I am able to get a working version by adapting the syntax of this tutorial.
However, the code becomes a bit wordy since I need to define the parameters for 20+ predictors (I am just using 5 predictors in the snippet below, but you get the point)
with pm.Model() as hbm1:
# Hyperpriors for group nodes
mu_a = pm.Normal("mu_a", mu=0.0, sigma=100)
sigma_a = pm.HalfNormal("sigma_a", 5.0)
mu_b = pm.Normal("mu_b", mu=0.0, sigma=100)
sigma_b = pm.HalfNormal("sigma_b", 5.0)
mu_c = pm.Normal("mu_c", mu=0.0, sigma=100)
sigma_c = pm.HalfNormal("sigma_c", 5.0)
mu_d = pm.Normal("mu_d", mu=0.0, sigma=100)
sigma_d = pm.HalfNormal("sigma_d", 5.0)
mu_e = pm.Normal("mu_e", mu=0.0, sigma=100)
sigma_e = pm.HalfNormal("sigma_e", 5.0)
a = pm.Normal("a", mu=mu_a, sigma=sigma_a, shape=n_groups)
b = pm.Normal("b", mu=mu_b, sigma=sigma_b, shape=n_groups)
c = pm.Normal("c", mu=mu_c, sigma=sigma_c, shape=n_groups)
d = pm.Normal("d", mu=mu_d, sigma=sigma_d, shape=n_groups)
e = pm.Normal("e", mu=mu_e, sigma=sigma_e, shape=n_groups)
# Model error
eps = pm.HalfCauchy("eps", 5.0)
y_est = (a[group_id] +
b[group_id] * df["0"].values +
c[group_id] * df["1"].values +
d[group_id] * df["2"].values +
e[group_id] * df["3"].values )
# Data likelihood
y_like = pm.Normal("yoy_like", mu=y_est, sigma=eps, observed=df["target"])
with hbm1:
hbm1_trace = pm.sample(2000, tune=2000, target_accept=0.9)

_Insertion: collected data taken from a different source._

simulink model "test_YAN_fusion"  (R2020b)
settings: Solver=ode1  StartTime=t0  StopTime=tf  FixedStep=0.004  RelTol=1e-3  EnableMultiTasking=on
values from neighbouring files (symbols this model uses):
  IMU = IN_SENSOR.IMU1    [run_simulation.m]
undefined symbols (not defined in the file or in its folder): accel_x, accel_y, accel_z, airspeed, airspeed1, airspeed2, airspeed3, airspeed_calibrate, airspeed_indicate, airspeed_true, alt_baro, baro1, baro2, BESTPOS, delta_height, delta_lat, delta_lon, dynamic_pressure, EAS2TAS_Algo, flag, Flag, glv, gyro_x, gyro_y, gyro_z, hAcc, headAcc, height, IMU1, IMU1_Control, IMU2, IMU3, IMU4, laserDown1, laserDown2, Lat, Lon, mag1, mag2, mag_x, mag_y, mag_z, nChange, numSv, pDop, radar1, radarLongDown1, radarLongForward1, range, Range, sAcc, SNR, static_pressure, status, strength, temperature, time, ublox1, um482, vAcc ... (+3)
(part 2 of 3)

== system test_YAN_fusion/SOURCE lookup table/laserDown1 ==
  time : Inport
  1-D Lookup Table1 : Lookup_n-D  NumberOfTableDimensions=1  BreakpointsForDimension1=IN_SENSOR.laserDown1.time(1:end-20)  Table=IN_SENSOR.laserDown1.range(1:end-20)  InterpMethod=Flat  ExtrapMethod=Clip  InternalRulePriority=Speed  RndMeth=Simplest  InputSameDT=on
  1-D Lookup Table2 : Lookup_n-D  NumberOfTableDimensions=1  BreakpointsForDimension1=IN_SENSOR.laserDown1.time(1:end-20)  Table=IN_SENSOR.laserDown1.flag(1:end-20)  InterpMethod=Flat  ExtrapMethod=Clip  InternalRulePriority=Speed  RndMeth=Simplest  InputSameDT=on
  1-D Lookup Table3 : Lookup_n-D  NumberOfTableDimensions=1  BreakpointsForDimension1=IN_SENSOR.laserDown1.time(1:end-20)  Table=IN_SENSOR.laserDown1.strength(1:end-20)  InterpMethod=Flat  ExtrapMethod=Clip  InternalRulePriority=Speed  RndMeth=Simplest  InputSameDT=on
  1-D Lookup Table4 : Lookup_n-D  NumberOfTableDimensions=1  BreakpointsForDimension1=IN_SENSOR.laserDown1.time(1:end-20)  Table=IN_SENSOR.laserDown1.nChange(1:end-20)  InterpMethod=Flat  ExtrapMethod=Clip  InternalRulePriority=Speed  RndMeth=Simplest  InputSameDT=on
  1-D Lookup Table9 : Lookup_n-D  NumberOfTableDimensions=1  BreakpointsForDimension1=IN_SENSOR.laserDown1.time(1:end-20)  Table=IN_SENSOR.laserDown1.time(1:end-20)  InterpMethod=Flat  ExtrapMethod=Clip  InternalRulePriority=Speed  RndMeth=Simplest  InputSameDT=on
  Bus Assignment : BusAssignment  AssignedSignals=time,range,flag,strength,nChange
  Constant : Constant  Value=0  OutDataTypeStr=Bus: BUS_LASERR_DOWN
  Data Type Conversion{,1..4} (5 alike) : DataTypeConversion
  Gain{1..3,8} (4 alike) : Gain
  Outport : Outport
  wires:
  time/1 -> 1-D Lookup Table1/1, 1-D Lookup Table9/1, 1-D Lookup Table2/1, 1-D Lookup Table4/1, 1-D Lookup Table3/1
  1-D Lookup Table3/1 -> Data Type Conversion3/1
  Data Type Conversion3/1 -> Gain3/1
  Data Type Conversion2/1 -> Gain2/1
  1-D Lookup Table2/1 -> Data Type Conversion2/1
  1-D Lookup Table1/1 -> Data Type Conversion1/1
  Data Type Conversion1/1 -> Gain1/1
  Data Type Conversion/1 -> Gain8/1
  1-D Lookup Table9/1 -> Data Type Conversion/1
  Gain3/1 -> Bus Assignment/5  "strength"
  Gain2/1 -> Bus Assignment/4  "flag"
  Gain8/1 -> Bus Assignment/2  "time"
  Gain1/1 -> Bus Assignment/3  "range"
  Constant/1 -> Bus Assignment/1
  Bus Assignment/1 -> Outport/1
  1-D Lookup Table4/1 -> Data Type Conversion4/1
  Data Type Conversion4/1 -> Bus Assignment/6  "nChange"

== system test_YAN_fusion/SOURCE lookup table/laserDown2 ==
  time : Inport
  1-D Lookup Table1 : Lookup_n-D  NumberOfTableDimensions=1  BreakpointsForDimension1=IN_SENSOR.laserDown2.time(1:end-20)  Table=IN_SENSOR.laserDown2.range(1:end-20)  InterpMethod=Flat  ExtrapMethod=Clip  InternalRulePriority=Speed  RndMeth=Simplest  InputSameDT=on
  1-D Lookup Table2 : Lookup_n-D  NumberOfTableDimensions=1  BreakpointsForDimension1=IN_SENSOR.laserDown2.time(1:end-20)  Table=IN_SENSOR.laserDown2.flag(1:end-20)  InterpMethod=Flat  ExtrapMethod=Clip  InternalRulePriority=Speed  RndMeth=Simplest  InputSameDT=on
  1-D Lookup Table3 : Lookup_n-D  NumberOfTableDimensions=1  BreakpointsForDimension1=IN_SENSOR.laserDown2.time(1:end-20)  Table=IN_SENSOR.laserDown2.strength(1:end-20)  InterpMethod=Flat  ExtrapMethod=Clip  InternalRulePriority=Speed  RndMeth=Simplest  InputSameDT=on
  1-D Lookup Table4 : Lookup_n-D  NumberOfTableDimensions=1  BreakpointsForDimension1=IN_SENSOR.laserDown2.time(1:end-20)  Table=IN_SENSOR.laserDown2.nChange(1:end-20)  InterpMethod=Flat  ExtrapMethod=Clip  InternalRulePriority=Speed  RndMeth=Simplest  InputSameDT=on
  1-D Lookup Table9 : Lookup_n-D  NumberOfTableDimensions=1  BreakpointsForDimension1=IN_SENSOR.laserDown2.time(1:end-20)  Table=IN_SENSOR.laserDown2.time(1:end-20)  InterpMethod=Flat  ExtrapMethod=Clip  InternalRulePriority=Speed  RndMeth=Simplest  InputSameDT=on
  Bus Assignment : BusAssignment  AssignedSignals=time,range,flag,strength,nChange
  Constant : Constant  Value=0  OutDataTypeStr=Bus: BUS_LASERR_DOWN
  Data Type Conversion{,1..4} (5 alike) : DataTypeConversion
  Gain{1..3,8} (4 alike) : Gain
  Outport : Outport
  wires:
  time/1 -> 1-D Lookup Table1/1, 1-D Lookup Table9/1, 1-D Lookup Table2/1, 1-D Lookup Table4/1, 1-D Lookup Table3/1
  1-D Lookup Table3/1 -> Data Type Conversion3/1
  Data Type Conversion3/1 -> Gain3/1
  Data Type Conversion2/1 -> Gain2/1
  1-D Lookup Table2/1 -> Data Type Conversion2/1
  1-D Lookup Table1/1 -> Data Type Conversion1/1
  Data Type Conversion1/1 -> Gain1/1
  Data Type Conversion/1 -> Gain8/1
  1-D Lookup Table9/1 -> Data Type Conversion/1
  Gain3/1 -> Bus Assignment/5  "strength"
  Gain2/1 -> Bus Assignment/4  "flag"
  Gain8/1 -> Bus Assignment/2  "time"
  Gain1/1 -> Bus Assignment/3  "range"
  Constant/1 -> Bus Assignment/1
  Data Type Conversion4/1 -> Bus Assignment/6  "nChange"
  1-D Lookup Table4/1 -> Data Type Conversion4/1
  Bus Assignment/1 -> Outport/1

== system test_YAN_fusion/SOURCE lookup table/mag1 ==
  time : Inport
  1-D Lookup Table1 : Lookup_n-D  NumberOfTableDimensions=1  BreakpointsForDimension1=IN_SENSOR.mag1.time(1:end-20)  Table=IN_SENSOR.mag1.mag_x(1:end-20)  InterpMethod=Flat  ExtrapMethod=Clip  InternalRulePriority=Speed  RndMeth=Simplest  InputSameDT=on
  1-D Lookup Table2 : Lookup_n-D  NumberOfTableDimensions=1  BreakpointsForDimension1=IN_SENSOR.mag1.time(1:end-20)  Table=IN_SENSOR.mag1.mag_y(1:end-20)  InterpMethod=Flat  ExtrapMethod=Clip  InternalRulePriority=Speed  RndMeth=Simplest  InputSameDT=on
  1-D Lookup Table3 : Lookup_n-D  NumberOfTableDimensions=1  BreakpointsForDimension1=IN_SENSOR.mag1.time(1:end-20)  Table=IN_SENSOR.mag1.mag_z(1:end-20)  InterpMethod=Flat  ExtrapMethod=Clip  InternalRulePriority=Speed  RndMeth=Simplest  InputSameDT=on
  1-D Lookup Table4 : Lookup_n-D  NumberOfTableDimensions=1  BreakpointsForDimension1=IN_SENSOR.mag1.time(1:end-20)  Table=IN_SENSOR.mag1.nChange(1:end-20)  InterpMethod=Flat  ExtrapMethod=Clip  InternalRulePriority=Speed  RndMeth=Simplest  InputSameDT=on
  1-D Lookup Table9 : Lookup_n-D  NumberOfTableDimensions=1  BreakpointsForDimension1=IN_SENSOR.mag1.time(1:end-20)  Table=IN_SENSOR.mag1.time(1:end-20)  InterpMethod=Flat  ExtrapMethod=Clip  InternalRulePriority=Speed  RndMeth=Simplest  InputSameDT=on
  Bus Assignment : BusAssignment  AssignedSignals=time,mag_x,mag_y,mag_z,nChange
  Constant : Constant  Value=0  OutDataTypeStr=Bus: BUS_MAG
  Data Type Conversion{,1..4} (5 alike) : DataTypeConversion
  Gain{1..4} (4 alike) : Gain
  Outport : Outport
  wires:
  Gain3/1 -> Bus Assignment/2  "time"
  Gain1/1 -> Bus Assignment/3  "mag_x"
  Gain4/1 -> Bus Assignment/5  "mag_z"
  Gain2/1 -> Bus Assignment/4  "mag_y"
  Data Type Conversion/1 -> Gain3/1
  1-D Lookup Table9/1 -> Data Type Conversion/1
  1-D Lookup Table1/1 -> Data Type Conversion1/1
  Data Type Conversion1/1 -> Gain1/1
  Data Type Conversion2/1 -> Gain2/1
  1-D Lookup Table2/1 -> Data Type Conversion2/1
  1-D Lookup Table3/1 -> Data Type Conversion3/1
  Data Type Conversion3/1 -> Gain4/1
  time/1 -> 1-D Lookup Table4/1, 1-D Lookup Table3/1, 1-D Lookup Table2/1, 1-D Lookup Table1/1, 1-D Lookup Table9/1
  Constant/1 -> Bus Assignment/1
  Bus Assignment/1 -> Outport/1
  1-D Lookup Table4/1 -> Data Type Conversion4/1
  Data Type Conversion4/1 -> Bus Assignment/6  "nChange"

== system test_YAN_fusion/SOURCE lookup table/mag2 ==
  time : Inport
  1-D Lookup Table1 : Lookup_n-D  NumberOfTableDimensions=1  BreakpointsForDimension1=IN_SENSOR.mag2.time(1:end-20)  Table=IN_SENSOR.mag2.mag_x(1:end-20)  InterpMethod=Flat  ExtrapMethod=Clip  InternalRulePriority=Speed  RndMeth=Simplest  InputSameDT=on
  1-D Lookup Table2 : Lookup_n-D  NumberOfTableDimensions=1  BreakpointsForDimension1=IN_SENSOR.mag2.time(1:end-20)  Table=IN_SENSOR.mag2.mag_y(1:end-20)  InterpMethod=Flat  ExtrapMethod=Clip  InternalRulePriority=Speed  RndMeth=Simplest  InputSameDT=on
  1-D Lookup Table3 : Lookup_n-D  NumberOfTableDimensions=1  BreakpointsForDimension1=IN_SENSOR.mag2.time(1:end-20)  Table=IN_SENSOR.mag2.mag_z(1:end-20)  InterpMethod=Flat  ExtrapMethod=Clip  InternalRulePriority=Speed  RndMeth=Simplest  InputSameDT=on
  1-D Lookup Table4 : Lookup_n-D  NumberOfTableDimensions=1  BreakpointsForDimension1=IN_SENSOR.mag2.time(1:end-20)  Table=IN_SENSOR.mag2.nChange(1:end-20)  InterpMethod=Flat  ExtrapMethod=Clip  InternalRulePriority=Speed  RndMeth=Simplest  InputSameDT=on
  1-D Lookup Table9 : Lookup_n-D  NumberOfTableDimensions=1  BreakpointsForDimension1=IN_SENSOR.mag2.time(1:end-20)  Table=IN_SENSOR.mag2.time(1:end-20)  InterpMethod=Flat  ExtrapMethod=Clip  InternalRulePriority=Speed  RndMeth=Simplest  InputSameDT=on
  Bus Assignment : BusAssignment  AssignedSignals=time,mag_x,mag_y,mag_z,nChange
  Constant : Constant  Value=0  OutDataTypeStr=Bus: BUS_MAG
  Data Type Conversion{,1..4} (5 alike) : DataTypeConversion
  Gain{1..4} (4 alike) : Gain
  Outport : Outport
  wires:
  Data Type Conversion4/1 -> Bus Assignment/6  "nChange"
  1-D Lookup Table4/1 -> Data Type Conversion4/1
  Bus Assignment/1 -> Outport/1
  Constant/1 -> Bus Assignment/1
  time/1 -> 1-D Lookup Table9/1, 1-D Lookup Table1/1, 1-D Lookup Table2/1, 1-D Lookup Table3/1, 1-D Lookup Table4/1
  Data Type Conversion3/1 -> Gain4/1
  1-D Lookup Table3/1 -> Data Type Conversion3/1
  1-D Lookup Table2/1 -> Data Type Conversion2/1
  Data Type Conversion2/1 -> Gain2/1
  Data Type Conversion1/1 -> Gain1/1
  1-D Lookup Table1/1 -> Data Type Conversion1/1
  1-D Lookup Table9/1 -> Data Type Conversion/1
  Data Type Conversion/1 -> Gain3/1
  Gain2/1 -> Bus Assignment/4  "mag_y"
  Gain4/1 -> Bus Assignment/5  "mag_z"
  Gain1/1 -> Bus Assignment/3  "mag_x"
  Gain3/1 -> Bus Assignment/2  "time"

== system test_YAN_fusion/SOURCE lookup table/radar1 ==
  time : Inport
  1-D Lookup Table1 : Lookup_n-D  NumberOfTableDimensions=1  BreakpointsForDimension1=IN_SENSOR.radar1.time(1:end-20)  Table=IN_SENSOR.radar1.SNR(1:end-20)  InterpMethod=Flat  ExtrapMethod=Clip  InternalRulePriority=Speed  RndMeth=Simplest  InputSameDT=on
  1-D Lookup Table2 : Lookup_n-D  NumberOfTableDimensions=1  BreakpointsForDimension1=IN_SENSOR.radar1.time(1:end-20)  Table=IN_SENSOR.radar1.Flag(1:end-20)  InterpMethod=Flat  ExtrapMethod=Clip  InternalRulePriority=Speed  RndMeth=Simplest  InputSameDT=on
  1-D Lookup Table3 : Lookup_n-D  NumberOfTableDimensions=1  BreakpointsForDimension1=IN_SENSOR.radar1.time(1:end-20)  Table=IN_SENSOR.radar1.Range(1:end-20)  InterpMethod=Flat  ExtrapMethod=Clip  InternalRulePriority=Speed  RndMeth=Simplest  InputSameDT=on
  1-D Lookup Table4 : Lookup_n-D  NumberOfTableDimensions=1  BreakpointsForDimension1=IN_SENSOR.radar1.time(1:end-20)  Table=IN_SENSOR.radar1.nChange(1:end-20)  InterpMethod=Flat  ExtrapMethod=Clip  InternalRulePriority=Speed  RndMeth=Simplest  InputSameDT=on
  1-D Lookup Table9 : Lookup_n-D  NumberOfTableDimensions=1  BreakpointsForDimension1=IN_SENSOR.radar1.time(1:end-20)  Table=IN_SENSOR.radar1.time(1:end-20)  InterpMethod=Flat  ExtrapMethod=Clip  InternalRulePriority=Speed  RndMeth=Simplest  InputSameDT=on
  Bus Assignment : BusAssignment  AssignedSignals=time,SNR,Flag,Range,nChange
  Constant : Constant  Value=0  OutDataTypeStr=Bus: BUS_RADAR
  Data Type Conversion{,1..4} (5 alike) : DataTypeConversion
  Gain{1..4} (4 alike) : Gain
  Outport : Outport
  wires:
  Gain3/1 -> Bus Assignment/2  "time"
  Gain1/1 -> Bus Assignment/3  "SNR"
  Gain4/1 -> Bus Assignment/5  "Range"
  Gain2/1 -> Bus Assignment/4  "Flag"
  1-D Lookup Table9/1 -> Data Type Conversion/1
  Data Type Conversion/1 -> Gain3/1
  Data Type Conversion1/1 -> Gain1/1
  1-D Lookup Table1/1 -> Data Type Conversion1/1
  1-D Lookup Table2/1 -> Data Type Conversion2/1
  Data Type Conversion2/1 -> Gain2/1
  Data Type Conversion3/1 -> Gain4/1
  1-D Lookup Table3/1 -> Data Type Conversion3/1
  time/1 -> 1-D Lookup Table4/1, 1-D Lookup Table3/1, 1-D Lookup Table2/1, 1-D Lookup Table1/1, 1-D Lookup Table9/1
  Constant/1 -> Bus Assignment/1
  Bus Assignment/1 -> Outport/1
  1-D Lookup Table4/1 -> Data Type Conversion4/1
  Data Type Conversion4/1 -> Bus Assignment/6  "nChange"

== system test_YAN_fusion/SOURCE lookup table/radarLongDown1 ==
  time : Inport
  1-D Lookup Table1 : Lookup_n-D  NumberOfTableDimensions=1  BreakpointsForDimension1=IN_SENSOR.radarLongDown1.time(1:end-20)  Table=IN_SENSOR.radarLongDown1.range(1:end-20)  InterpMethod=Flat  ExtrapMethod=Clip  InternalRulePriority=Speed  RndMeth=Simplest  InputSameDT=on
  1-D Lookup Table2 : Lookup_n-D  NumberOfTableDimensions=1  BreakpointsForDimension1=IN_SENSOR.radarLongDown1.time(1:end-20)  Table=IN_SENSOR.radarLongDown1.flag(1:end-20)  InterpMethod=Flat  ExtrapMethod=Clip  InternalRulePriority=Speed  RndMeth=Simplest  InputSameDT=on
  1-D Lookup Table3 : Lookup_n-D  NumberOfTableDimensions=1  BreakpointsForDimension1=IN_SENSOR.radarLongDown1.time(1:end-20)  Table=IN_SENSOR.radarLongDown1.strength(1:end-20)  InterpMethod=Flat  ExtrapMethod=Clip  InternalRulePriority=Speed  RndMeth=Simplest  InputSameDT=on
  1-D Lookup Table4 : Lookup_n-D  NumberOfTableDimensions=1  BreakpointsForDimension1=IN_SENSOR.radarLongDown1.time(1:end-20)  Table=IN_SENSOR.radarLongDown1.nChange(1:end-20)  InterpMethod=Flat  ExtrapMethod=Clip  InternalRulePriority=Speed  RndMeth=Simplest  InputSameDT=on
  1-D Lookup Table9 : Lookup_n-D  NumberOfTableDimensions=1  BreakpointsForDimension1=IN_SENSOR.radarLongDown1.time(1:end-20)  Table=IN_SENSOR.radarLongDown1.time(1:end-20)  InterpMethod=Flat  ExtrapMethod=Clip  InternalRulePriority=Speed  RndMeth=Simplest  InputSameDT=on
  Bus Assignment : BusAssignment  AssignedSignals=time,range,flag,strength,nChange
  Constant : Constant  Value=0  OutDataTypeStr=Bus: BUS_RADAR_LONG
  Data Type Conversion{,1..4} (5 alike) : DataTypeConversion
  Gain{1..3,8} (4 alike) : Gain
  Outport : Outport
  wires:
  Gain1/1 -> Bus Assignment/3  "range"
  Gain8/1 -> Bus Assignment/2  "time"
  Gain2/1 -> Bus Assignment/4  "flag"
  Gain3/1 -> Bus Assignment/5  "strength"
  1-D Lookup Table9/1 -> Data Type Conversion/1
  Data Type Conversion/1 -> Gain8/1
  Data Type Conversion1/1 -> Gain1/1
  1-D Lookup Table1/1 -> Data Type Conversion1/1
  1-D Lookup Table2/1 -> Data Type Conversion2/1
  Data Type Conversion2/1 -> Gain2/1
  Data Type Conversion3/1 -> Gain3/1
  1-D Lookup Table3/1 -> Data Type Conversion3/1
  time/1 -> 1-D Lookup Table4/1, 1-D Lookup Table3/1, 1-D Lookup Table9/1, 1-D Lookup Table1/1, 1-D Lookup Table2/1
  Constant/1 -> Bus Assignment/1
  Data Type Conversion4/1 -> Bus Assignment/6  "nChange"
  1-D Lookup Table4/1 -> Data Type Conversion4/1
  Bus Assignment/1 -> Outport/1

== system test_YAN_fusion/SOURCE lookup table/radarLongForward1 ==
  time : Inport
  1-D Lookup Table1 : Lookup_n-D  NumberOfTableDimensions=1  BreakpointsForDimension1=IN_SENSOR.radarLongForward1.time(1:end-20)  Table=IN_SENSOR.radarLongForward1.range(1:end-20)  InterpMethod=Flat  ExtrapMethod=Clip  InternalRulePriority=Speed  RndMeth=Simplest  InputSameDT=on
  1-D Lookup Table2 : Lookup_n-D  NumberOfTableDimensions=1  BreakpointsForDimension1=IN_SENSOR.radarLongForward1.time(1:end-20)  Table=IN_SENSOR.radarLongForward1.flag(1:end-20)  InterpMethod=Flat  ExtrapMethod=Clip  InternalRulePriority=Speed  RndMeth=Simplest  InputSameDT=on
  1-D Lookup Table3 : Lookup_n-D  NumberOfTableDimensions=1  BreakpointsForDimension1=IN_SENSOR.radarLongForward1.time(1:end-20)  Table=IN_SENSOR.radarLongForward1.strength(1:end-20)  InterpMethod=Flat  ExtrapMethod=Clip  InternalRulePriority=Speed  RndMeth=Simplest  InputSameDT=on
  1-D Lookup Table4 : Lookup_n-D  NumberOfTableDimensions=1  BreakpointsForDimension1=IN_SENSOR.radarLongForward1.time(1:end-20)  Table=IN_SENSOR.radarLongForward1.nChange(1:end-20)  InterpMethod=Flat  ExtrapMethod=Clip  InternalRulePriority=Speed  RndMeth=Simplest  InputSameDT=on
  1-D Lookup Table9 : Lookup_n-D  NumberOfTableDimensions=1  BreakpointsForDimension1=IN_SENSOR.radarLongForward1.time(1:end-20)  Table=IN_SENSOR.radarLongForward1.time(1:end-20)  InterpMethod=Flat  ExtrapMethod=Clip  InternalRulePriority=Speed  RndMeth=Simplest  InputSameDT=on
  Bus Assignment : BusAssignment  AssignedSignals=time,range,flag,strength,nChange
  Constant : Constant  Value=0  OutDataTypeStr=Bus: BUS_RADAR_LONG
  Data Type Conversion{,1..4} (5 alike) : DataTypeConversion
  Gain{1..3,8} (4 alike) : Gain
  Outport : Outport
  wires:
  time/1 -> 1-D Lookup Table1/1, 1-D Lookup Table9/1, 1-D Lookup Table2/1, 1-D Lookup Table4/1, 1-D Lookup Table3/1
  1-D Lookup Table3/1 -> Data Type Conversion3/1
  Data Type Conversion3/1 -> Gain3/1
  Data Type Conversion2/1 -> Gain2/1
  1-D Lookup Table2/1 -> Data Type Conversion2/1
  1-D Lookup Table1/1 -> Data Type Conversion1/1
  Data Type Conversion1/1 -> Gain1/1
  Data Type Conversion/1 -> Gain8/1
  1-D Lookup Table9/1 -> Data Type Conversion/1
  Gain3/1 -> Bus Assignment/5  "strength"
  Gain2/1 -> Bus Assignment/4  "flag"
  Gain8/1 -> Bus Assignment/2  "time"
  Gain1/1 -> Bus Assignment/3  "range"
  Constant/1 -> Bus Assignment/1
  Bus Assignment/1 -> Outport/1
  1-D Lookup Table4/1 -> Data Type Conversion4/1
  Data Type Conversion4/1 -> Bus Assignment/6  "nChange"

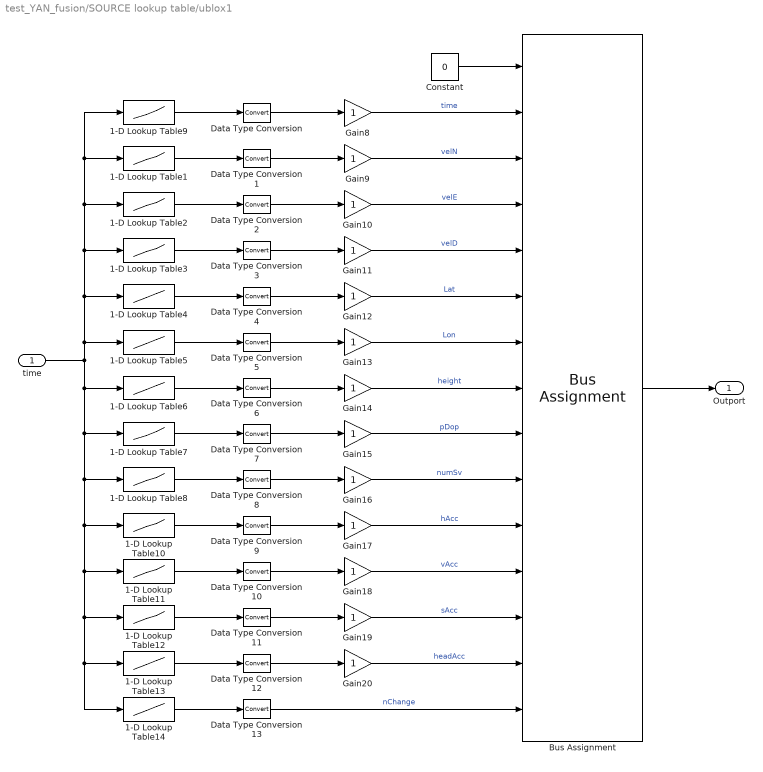
== system test_YAN_fusion/SOURCE lookup table/ublox1 ==
  time : Inport
  1-D Lookup Table1 : Lookup_n-D  NumberOfTableDimensions=1  BreakpointsForDimension1=IN_SENSOR.ublox1.time(1:end-20)  Table=IN_SENSOR.ublox1.velN(1:end-20)  InterpMethod=Flat  ExtrapMethod=Clip  InternalRulePriority=Speed  RndMeth=Simplest  InputSameDT=on
  1-D Lookup Table10 : Lookup_n-D  NumberOfTableDimensions=1  BreakpointsForDimension1=IN_SENSOR.ublox1.time(1:end-20)  Table=IN_SENSOR.ublox1.hAcc(1:end-20)  InterpMethod=Flat  ExtrapMethod=Clip  InternalRulePriority=Speed  RndMeth=Simplest  InputSameDT=on
  1-D Lookup Table11 : Lookup_n-D  NumberOfTableDimensions=1  BreakpointsForDimension1=IN_SENSOR.ublox1.time(1:end-20)  Table=IN_SENSOR.ublox1.vAcc(1:end-20)  InterpMethod=Flat  ExtrapMethod=Clip  InternalRulePriority=Speed  RndMeth=Simplest  InputSameDT=on
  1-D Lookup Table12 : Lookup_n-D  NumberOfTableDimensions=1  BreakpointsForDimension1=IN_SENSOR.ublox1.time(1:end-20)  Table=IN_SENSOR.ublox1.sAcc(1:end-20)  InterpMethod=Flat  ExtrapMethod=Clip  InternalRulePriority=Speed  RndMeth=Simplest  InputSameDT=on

Instead of defining the priors for each parameter individually, I try to wrap everything in an object that has one extra dimension. See the example below,
X = df[["cst", *predictors[:n_predictors]]].values
with pm.Model() as hbm2:
# Hyperpriors for group nodes
mu = pm.Normal("mu_a", mu=0.0, sigma=100)
sigma = pm.HalfNormal("sigma_a", 5.0)
beta = pm.Normal("beta", mu=mu, sigma=sigma, shape=(n_predictors + 1, n_groups))
# Model error
eps = pm.HalfCauchy("eps", 5.0)
y_est = (X * beta[:, group_id].T).sum(axis=-1)
# Data likelihood
y_like = pm.Normal("yoy_like", mu=y_est, sigma=eps, observed=df["target"])
with hbm2:
hbm2_trace = pm.sample(2000, tune=2000, target_accept=0.9)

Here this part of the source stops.